1\. Arrow's theorem concerns the situation where your election procedure needs
to deliver (not just a single winner, but) a _ranking_ of all the candidates.
You might hope that relaxing this condition will help, but ...

2\. There's a closely related theorem with the magnificent name of Gibbard-
Satterthwaite, which says that if you have more than two candidates, any
procedure that takes in ranked preferences and spits out a single winner must
(1) give all the power to one voter, or (2) leave at least one candidate
unable to win whatever the voters' preferences, or (3) be susceptible to
tactical voting, meaning that in some situations a voter does best to rank the
candidates in an order that doesn't match his or her actual preferences.
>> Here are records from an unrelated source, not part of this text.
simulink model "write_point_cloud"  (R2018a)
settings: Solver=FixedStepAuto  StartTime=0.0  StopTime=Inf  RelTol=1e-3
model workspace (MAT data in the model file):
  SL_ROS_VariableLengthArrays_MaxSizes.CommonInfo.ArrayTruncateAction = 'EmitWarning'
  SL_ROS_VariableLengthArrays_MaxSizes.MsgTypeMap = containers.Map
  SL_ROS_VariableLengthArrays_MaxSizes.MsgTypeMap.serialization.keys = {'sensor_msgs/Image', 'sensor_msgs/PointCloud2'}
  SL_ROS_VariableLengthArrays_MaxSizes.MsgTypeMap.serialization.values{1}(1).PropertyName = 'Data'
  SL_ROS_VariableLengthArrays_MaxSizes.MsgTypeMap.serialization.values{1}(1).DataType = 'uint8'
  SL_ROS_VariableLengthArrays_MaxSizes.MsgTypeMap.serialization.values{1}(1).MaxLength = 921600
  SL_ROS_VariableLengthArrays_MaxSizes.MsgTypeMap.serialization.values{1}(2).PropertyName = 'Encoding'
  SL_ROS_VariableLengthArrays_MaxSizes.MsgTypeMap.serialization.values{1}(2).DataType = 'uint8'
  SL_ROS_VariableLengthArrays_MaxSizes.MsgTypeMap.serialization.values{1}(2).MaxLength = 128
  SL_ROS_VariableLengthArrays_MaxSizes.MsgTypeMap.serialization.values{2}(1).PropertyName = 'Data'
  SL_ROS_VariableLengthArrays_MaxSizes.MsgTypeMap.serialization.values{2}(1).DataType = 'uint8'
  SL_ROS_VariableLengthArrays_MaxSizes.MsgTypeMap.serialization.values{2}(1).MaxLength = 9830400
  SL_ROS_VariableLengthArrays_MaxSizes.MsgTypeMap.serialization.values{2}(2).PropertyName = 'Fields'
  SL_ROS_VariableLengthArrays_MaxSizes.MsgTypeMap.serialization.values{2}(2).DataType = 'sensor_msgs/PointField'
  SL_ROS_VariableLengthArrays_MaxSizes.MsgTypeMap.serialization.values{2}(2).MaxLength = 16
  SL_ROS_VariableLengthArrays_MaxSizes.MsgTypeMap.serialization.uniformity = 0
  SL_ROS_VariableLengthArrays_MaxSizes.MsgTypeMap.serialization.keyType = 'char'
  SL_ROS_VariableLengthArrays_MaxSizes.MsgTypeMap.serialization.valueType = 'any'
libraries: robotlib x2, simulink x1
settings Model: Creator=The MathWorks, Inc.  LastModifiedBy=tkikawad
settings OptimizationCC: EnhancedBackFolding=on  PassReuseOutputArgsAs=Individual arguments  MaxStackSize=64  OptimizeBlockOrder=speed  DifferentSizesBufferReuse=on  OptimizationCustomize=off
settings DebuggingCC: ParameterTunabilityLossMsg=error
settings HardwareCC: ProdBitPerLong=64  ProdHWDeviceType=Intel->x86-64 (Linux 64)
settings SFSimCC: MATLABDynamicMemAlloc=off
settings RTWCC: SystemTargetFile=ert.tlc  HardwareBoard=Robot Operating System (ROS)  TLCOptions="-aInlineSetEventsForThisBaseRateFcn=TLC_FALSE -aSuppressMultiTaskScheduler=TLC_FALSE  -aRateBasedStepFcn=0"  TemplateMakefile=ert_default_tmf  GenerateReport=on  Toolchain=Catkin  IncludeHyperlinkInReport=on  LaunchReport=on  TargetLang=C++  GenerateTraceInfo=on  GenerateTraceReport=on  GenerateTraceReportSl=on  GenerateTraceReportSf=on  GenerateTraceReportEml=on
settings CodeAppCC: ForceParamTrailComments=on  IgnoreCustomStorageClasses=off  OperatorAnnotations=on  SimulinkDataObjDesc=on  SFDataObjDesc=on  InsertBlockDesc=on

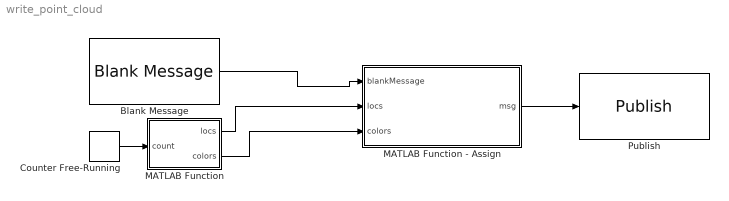
== system write_point_cloud ==
  Blank Message : robotlib/Blank Message  SourceLibraryInfo=This block requires Robotics System Toolbox  messageType=sensor_msgs/PointCloud2  SampleTime=inf
      settings: SourceProductBaseCode=RO
  Counter Free-Running : simulink/Sources/Counter Free-Running  NumBits=16  tsamp=-1
  MATLAB Function : MATLAB Function  TreatAsAtomicUnit=on
  MATLAB Function - Assign : MATLAB Function  TreatAsAtomicUnit=on
  Publish : robotlib/Publish  SourceLibraryInfo=This block requires Robotics System Toolbox  topicSource=Specify your own  topic=/ptcloud_test  messageType=sensor_msgs/PointCloud2  messageQueueLength=1
      settings: SourceProductBaseCode=RO
  wires:
  Blank Message/1 -> MATLAB Function - Assign/1(blankMessage)
  MATLAB Function - Assign/1(msg) -> Publish/1
  MATLAB Function/2(colors) -> MATLAB Function - Assign/3(colors)
  MATLAB Function/1(locs) -> MATLAB Function - Assign/2(locs)
  Counter Free-Running/1 -> MATLAB Function/1(count)

== matlab function write_point_cloud/MATLAB Function ==
  data: count input; locs output; colors output
function [locs,colors] = fcn(count)
count = double(count);
center = [160 120]/2;
[X,Y] = meshgrid(1:160,1:120);
Z = 10*sin((X-count-center(1))/10) + 10*cos((Y--center(2))/20) + 20;
locs = cat(3,X,Y,Z);
colors = im2uint8(hsv2rgb(cat(3,Z/40,ones(size(Z,1),size(Z,2),2))));

== matlab function write_point_cloud/MATLAB Function - Assign ==
  data: blankMessage input SL_Bus_write_point_cloud_sensor_msgs_PointCloud2; locs input; msg output SL_Bus_write_point_cloud_sensor_msgs_PointCloud2; colors input
function msg = assignNestedArrayMessages(blankMessage,locs,colors)
%#codegen

% To set datatype of MSG output:
%  1. Create buses for this model: robotics.ros.createSimulinkBus(gcs)
%  1. Click "Edit Data" in  Toolstrip to open "Ports and Data Manager"
%  2. Select MSG and set datatype to "Bus: SL_Bus_<modelname>_<messageType>"
% See: 
% http://www.mathworks.com/help/simulink/ug/create-structures-in-matlab-function-blocks.html

blankMessage.Height = uint32(size(locs,1));
blankMessage.Width = uint32(size(locs,2));
blankMessage.PointStep = uint32(32);
blankMessage.RowStep = blankMessage.Width * blankMessage.PointStep;
blankMessage.Fields_SL_Info.CurrentLength = uint32(4);
blankMessage.Fields(1).Name(1) = uint8('x');
blankMessage.Fields(1).Name_SL_Info.CurrentLength = uint32(1);
blankMessage.Fields(1).Offset = uint32(0);
blankMessage.Fields(1).Datatype = uint8(7);
blankMessage.Fields(1).Count = uint32(1);
blankMessage.Fields(2).Name(1) = uint8('y');
blankMessage.Fields(2).Name_SL_Info.CurrentLength = uint32(1);
blankMessage.Fields(2).Offset = uint32(4);
blankMessage.Fields(2).Datatype = uint8(7);
blankMessage.Fields(2).Count = uint32(1);
blankMessage.Fields(3).Name(1) = uint8('z');
blankMessage.Fields(3).Name_SL_Info.CurrentLength = uint32(1);
blankMessage.Fields(3).Offset = uint32(8);
blankMessage.Fields(3).Datatype = uint8(7);
blankMessage.Fields(3).Count = uint32(1);
blankMessage.Fields(4).Name(1:3) = uint8('rgb');
blankMessage.Fields(4).Name_SL_Info.CurrentLength = uint32(3);
blankMessage.Fields(4).Offset = uint32(16);
blankMessage.Fields(4).Datatype = uint8(7);
blankMessage.Fields(4).Count = uint32(1);

locs = reshape(permute(locs,[2 1 3]),[],3);
colors = uint32(reshape(permute(colors,[2 1 3]),[],3));
rgb = typecast(colors(:,1)*2^16+colors(:,2)*2^8+colors(:,3),'single');
data = [locs zeros(size(locs,1),1,'single') rgb zeros(size(locs,1),3,'single')];
dataPacked = reshape(permute(data,[2 1]),[],1);
dataCasted = typecast(dataPacked,'uint8');
blankMessage.Data(1:numel(dataCasted)) = dataCasted;
blankMessage.Data_SL_Info.CurrentLength = uint32(numel(dataCasted));

msg = blankMessage;

3\. However, there is a loophole "at the other end". For instance, if the
input consists not of _rankings_ but of _scores_ (e.g., from 0 to 100), then
the conditions of Arrow and Gibbard-Satterthwaite don't apply. And, in fact:

4\. If there are only three candidates then "range voting" or "score voting"
(each voter scores every candidate and the candidate with best average or
total score wins) has the desirable properties Gibbard & Satterthwaite forbid
for ranking-based voting systems. (Almost: sometimes optimal voting strategy
might require you to give two candidates the same score even though you have a
definite preference between them.) But, alas,

5\. With more than three candidates no score-based system has those properties
either.

(An interesting simplification of range voting is "approval voting", where the
only possible scores are 0 and 1.)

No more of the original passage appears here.